Bis zu 120 000 Kunden warten auf ihre Anschlüsse

Telekom-Software sorgt für DSL-Chaos

VonThomas Nonnast (Handelsblatt)

Wegen massiver Softwareprobleme bei der Deutschen Telekom warten bis zu 120 000 Kunden auf ihre teilweise schon vor Monaten bestellten DSL-Anschlüsse. Betroffen sind ausschließlich Kunden, die Wiederverkäufer der Telekom wie 1 & 1, Freenet oder Arcor mit dem DSL-Anschluss beauftragt haben.

Auch United Internet will nun eigene schnelle Internet-Anschlüsse anbieten. Foto: dpa

Auch United Internet will nun eigene schnelle Internet-Anschlüsse anbieten. Foto: dpa

HB FRANKFURT. „Rund 50 000 DSL-Bestellungen sind allein von uns in den EDV-Systemen der Telekom hängen geblieben. Sie können nicht weiter bearbeitet werden“, sagt Ralph Dommermuth, Vorstandschef der United Internet AG (1 & 1, GMX). Und täglich werden es mehr. Auf Grund der chaotischen Abwicklung der DSL-Resale- Aufträge bei der Telekom zieht er nun Konsequenzen: „Wir werden in Kürze mit dem Aufbau einer eigenen DSL-Infrastruktur in Ballungszentren beginnen“, kündigte Dommermuth gegenüber dem Handelsblatt an. Die Investitionssumme dafür wird anfangs bei 30 bis 50 Mill. Euro liegen.

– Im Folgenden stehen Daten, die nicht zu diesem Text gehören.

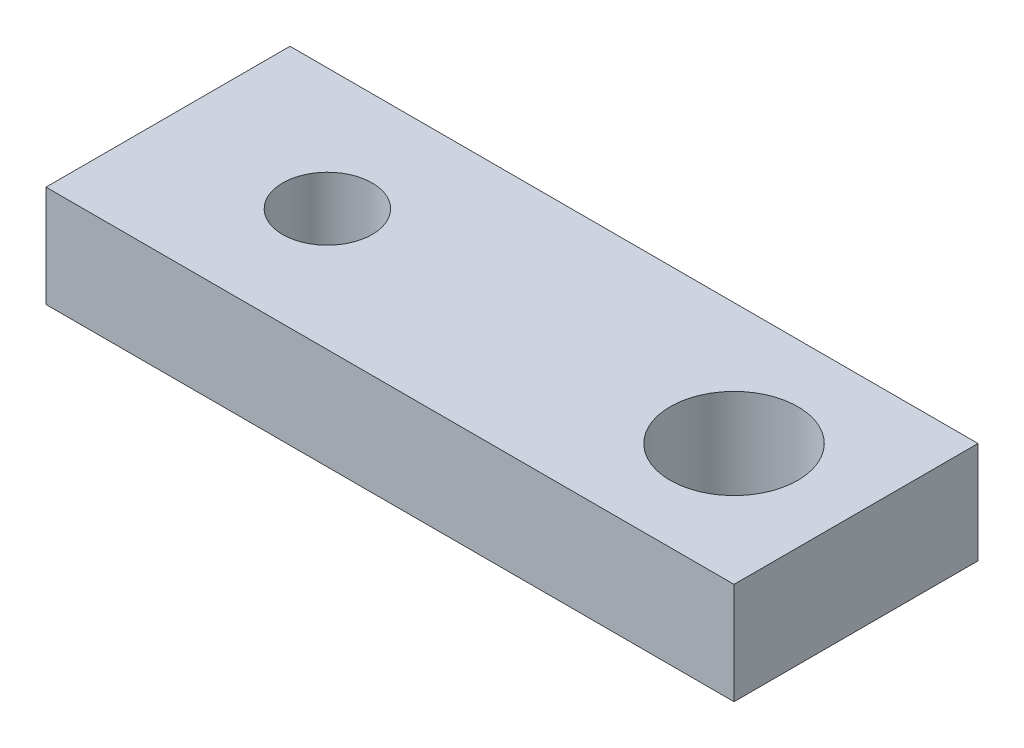
ISO-10303-21;
HEADER;
FILE_DESCRIPTION(('STEP AP214'),'2;1');
FILE_NAME('part.step','',(''),(''),'','','');
FILE_SCHEMA(('AUTOMOTIVE_DESIGN { 1 0 10303 214 1 1 1 1 }'));
ENDSEC;
DATA;
#1=APPLICATION_CONTEXT('core data for automotive mechanical design processes');
#2=APPLICATION_PROTOCOL_DEFINITION('international standard','automotive_design',2000,#1);
#3=PRODUCT_CONTEXT('',#1,'mechanical');
#4=PRODUCT('Part','Part','',(#3));
#5=PRODUCT_RELATED_PRODUCT_CATEGORY('part','',(#4));
#6=PRODUCT_DEFINITION_FORMATION('','',#4);
#7=PRODUCT_DEFINITION_CONTEXT('part definition',#1,'design');
#8=PRODUCT_DEFINITION('design','',#6,#7);
#9=PRODUCT_DEFINITION_SHAPE('','',#8);
#10=(LENGTH_UNIT() NAMED_UNIT(*) SI_UNIT(.MILLI.,.METRE.));
#11=(NAMED_UNIT(*) PLANE_ANGLE_UNIT() SI_UNIT($,.RADIAN.));
#12=(NAMED_UNIT(*) SI_UNIT($,.STERADIAN.) SOLID_ANGLE_UNIT());
#13=UNCERTAINTY_MEASURE_WITH_UNIT(LENGTH_MEASURE(1.E-05),#10,'distance_accuracy_value','');
#14=(GEOMETRIC_REPRESENTATION_CONTEXT(3) GLOBAL_UNCERTAINTY_ASSIGNED_CONTEXT((#13)) GLOBAL_UNIT_ASSIGNED_CONTEXT((#10,
#11,#12)) REPRESENTATION_CONTEXT('',''));
#15=CARTESIAN_POINT('',(0.,0.,0.));
#16=DIRECTION('',(0.,0.,1.));
#17=DIRECTION('',(1.,0.,0.));
#18=AXIS2_PLACEMENT_3D('',#15,#16,#17);
#19=CARTESIAN_POINT('',(0.,3.175,0.));
#20=DIRECTION('',(0.,1.,0.));
#21=DIRECTION('',(0.,0.,1.));
#22=AXIS2_PLACEMENT_3D('',#19,#20,#21);
#23=PLANE('',#22);
#24=CARTESIAN_POINT('',(0.,3.175,0.));
#25=DIRECTION('',(0.,1.,0.));
#26=DIRECTION('',(0.,0.,1.));
#27=AXIS2_PLACEMENT_3D('',#24,#25,#26);
#28=CIRCLE('',#27,1.397);
#29=CARTESIAN_POINT('',(0.,3.175,1.397));
#30=VERTEX_POINT('',#29);
#31=EDGE_CURVE('E100',#30,#30,#28,.T.);
#32=ORIENTED_EDGE('',*,*,#31,.F.);
#33=EDGE_LOOP('',(#32));
#34=FACE_BOUND('',#33,.T.);
#35=DIRECTION('',(0.,0.,1.));
#36=VECTOR('',#35,1.);
#37=CARTESIAN_POINT('',(-4.9784,3.175,-3.81));
#38=LINE('',#37,#36);
#39=CARTESIAN_POINT('',(-4.9784,3.175,-3.81));
#40=VERTEX_POINT('',#39);
#41=CARTESIAN_POINT('',(-4.9784,3.175,3.81));
#42=VERTEX_POINT('',#41);
#43=EDGE_CURVE('E85',#40,#42,#38,.T.);
#44=ORIENTED_EDGE('',*,*,#43,.T.);
#45=DIRECTION('',(1.,0.,0.));
#46=VECTOR('',#45,1.);
#47=CARTESIAN_POINT('',(-4.9784,3.175,3.81));
#48=LINE('',#47,#46);
#49=CARTESIAN_POINT('',(16.51,3.175,3.81));
#50=VERTEX_POINT('',#49);
#51=EDGE_CURVE('E80',#42,#50,#48,.T.);
#52=ORIENTED_EDGE('',*,*,#51,.T.);
#53=DIRECTION('',(0.,0.,-1.));
#54=VECTOR('',#53,1.);
#55=CARTESIAN_POINT('',(16.51,3.175,-3.81));
#56=LINE('',#55,#54);
#57=CARTESIAN_POINT('',(16.51,3.175,-3.81));
#58=VERTEX_POINT('',#57);
#59=EDGE_CURVE('E83',#50,#58,#56,.T.);
#60=ORIENTED_EDGE('',*,*,#59,.T.);
#61=DIRECTION('',(-1.,0.,0.));
#62=VECTOR('',#61,1.);
#63=CARTESIAN_POINT('',(-4.9784,3.175,-3.81));
#64=LINE('',#63,#62);
#65=EDGE_CURVE('E50',#58,#40,#64,.T.);
#66=ORIENTED_EDGE('',*,*,#65,.T.);
#67=EDGE_LOOP('',(#44,#52,#60,#66));
#68=FACE_BOUND('',#67,.T.);
#69=CARTESIAN_POINT('',(12.7,3.175,0.));
#70=DIRECTION('',(0.,1.,0.));
#71=DIRECTION('',(0.,0.,1.));
#72=AXIS2_PLACEMENT_3D('',#69,#70,#71);
#73=CIRCLE('',#72,1.9939);
#74=CARTESIAN_POINT('',(12.7,3.175,1.9939));
#75=VERTEX_POINT('',#74);
#76=EDGE_CURVE('E115',#75,#75,#73,.T.);
#77=ORIENTED_EDGE('',*,*,#76,.F.);
#78=EDGE_LOOP('',(#77));
#79=FACE_BOUND('',#78,.T.);
#80=ADVANCED_FACE('F33',(#34,#68,#79),#23,.T.);
#81=CARTESIAN_POINT('',(0.,0.,0.));
#82=DIRECTION('',(0.,1.,0.));
#83=DIRECTION('',(0.,0.,1.));
#84=AXIS2_PLACEMENT_3D('',#81,#82,#83);
#85=PLANE('',#84);
#86=CARTESIAN_POINT('',(0.,0.,0.));
#87=DIRECTION('',(0.,1.,0.));
#88=DIRECTION('',(0.,0.,1.));
#89=AXIS2_PLACEMENT_3D('',#86,#87,#88);
#90=CIRCLE('',#89,1.397);
#91=CARTESIAN_POINT('',(0.,0.,1.397));
#92=VERTEX_POINT('',#91);
#93=EDGE_CURVE('E112',#92,#92,#90,.T.);
#94=ORIENTED_EDGE('',*,*,#93,.T.);
#95=EDGE_LOOP('',(#94));
#96=FACE_BOUND('',#95,.T.);
#97=DIRECTION('',(0.,0.,1.));
#98=VECTOR('',#97,1.);
#99=CARTESIAN_POINT('',(-4.9784,0.,-3.81));
#100=LINE('',#99,#98);
#101=CARTESIAN_POINT('',(-4.9784,0.,-3.81));
#102=VERTEX_POINT('',#101);
#103=CARTESIAN_POINT('',(-4.9784,0.,3.81));
#104=VERTEX_POINT('',#103);
#105=EDGE_CURVE('E97',#102,#104,#100,.T.);
#106=ORIENTED_EDGE('',*,*,#105,.F.);
#107=DIRECTION('',(-1.,0.,0.));
#108=VECTOR('',#107,1.);
#109=CARTESIAN_POINT('',(-4.9784,0.,-3.81));
#110=LINE('',#109,#108);
#111=CARTESIAN_POINT('',(16.51,0.,-3.81));
#112=VERTEX_POINT('',#111);
#113=EDGE_CURVE('E73',#112,#102,#110,.T.);
#114=ORIENTED_EDGE('',*,*,#113,.F.);
#115=DIRECTION('',(0.,0.,-1.));
#116=VECTOR('',#115,1.);
#117=CARTESIAN_POINT('',(16.51,0.,-3.81));
#118=LINE('',#117,#116);
#119=CARTESIAN_POINT('',(16.51,0.,3.81));
#120=VERTEX_POINT('',#119);
#121=EDGE_CURVE('E67',#120,#112,#118,.T.);
#122=ORIENTED_EDGE('',*,*,#121,.F.);
#123=DIRECTION('',(1.,0.,0.));
#124=VECTOR('',#123,1.);
#125=CARTESIAN_POINT('',(-4.9784,0.,3.81));
#126=LINE('',#125,#124);
#127=EDGE_CURVE('E89',#104,#120,#126,.T.);
#128=ORIENTED_EDGE('',*,*,#127,.F.);
#129=EDGE_LOOP('',(#106,#114,#122,#128));
#130=FACE_BOUND('',#129,.T.);
#131=CARTESIAN_POINT('',(12.7,0.,0.));
#132=DIRECTION('',(0.,1.,0.));
#133=DIRECTION('',(0.,0.,1.));
#134=AXIS2_PLACEMENT_3D('',#131,#132,#133);
#135=CIRCLE('',#134,1.9939);
#136=CARTESIAN_POINT('',(12.7,0.,1.9939));
#137=VERTEX_POINT('',#136);
#138=EDGE_CURVE('E118',#137,#137,#135,.T.);
#139=ORIENTED_EDGE('',*,*,#138,.T.);
#140=EDGE_LOOP('',(#139));
#141=FACE_BOUND('',#140,.T.);
#142=ADVANCED_FACE('F108',(#96,#130,#141),#85,.F.);
#143=CARTESIAN_POINT('',(-4.9784,3.175,-3.81));
#144=DIRECTION('',(1.,0.,0.));
#145=DIRECTION('',(0.,0.,-1.));
#146=AXIS2_PLACEMENT_3D('',#143,#144,#145);
#147=PLANE('',#146);
#148=ORIENTED_EDGE('',*,*,#105,.T.);
#149=DIRECTION('',(0.,-1.,0.));
#150=VECTOR('',#149,1.);
#151=CARTESIAN_POINT('',(-4.9784,3.175,3.81));
#152=LINE('',#151,#150);
#153=EDGE_CURVE('E11',#42,#104,#152,.T.);
#154=ORIENTED_EDGE('',*,*,#153,.F.);
#155=ORIENTED_EDGE('',*,*,#43,.F.);
#156=DIRECTION('',(0.,-1.,0.));
#157=VECTOR('',#156,1.);
#158=CARTESIAN_POINT('',(-4.9784,3.175,-3.81));
#159=LINE('',#158,#157);
#160=EDGE_CURVE('E93',#40,#102,#159,.T.);
#161=ORIENTED_EDGE('',*,*,#160,.T.);
#162=EDGE_LOOP('',(#148,#154,#155,#161));
#163=FACE_BOUND('',#162,.T.);
#164=ADVANCED_FACE('F35',(#163),#147,.F.);
#165=CARTESIAN_POINT('',(-4.9784,3.175,3.81));
#166=DIRECTION('',(0.,0.,-1.));
#167=DIRECTION('',(-1.,0.,0.));
#168=AXIS2_PLACEMENT_3D('',#165,#166,#167);
#169=PLANE('',#168);
#170=ORIENTED_EDGE('',*,*,#127,.T.);
#171=DIRECTION('',(0.,-1.,0.));
#172=VECTOR('',#171,1.);
#173=CARTESIAN_POINT('',(16.51,3.175,3.81));
#174=LINE('',#173,#172);
#175=EDGE_CURVE('E42',#50,#120,#174,.T.);
#176=ORIENTED_EDGE('',*,*,#175,.F.);
#177=ORIENTED_EDGE('',*,*,#51,.F.);
#178=ORIENTED_EDGE('',*,*,#153,.T.);
#179=EDGE_LOOP('',(#170,#176,#177,#178));
#180=FACE_BOUND('',#179,.T.);
#181=ADVANCED_FACE('F88',(#180),#169,.F.);
#182=CARTESIAN_POINT('',(16.51,3.175,-3.81));
#183=DIRECTION('',(-1.,0.,0.));
#184=DIRECTION('',(0.,0.,1.));
#185=AXIS2_PLACEMENT_3D('',#182,#183,#184);
#186=PLANE('',#185);
#187=ORIENTED_EDGE('',*,*,#121,.T.);
#188=DIRECTION('',(0.,-1.,0.));
#189=VECTOR('',#188,1.);
#190=CARTESIAN_POINT('',(16.51,3.175,-3.81));
#191=LINE('',#190,#189);
#192=EDGE_CURVE('E90',#58,#112,#191,.T.);
#193=ORIENTED_EDGE('',*,*,#192,.F.);
#194=ORIENTED_EDGE('',*,*,#59,.F.);
#195=ORIENTED_EDGE('',*,*,#175,.T.);
#196=EDGE_LOOP('',(#187,#193,#194,#195));
#197=FACE_BOUND('',#196,.T.);
#198=ADVANCED_FACE('F91',(#197),#186,.F.);
#199=CARTESIAN_POINT('',(-4.9784,3.175,-3.81));
#200=DIRECTION('',(0.,0.,1.));
#201=DIRECTION('',(1.,0.,0.));
#202=AXIS2_PLACEMENT_3D('',#199,#200,#201);
#203=PLANE('',#202);
#204=ORIENTED_EDGE('',*,*,#113,.T.);
#205=ORIENTED_EDGE('',*,*,#160,.F.);
#206=ORIENTED_EDGE('',*,*,#65,.F.);
#207=ORIENTED_EDGE('',*,*,#192,.T.);
#208=EDGE_LOOP('',(#204,#205,#206,#207));
#209=FACE_BOUND('',#208,.T.);
#210=ADVANCED_FACE('F105',(#209),#203,.F.);
#211=CARTESIAN_POINT('',(0.,3.175,0.));
#212=DIRECTION('',(0.,-1.,0.));
#213=DIRECTION('',(0.,0.,-1.));
#214=AXIS2_PLACEMENT_3D('',#211,#212,#213);
#215=CYLINDRICAL_SURFACE('',#214,1.397);
#216=ORIENTED_EDGE('',*,*,#31,.T.);
#217=EDGE_LOOP('',(#216));
#218=FACE_BOUND('',#217,.T.);
#219=ORIENTED_EDGE('',*,*,#93,.F.);
#220=EDGE_LOOP('',(#219));
#221=FACE_BOUND('',#220,.T.);
#222=ADVANCED_FACE('F136',(#218,#221),#215,.F.);
#223=CARTESIAN_POINT('',(12.7,3.175,0.));
#224=DIRECTION('',(0.,-1.,0.));
#225=DIRECTION('',(0.,0.,-1.));
#226=AXIS2_PLACEMENT_3D('',#223,#224,#225);
#227=CYLINDRICAL_SURFACE('',#226,1.9939);
#228=ORIENTED_EDGE('',*,*,#76,.T.);
#229=EDGE_LOOP('',(#228));
#230=FACE_BOUND('',#229,.T.);
#231=ORIENTED_EDGE('',*,*,#138,.F.);
#232=EDGE_LOOP('',(#231));
#233=FACE_BOUND('',#232,.T.);
#234=ADVANCED_FACE('F124',(#230,#233),#227,.F.);
#235=CLOSED_SHELL('',(#80,#142,#164,#181,#198,#210,#222,#234));
#236=MANIFOLD_SOLID_BREP('B2',#235);
#237=ADVANCED_BREP_SHAPE_REPRESENTATION('',(#18,#236),#14);
#238=SHAPE_DEFINITION_REPRESENTATION(#9,#237);
ENDSEC;
END-ISO-10303-21;

Mit rund einer Million DSL-Kunden habe United Internet die „notwendige Größe“, so Dommermuth. Wieviel Umsatz Telekom dadurch verliert, ist schwer abschätzbar. In diesem Jahr wird United Internet rund 150 Mill. Euro für die Nutzung von Netzinfrastruktur an die Telekom überweisen.

Auch bei anderen Telekom-Wettbewerbern wächst der Frust: „Wir werden seit Wochen vertröstet, weil die Telekom nicht in der Lage ist, ihre vertraglichen Verpflichtungen einzuhalten“, schimpft Freenet-Chef Eckhard Spoerr. Im Call-Center der Hamburger sei die Zahl der Anrufe auf bis zu 100 000 täglich angewachsen. Den Kunden sei aber nur schwer zu erklären, dass die Ursache für die Verzögerung bei der Telekom liege. „Das Resale der Telekom-Anschlüsse läuft auf eine systematische Rufschädigung des Wettbewerbs im Markt hinaus“, befürchtet Spoerr.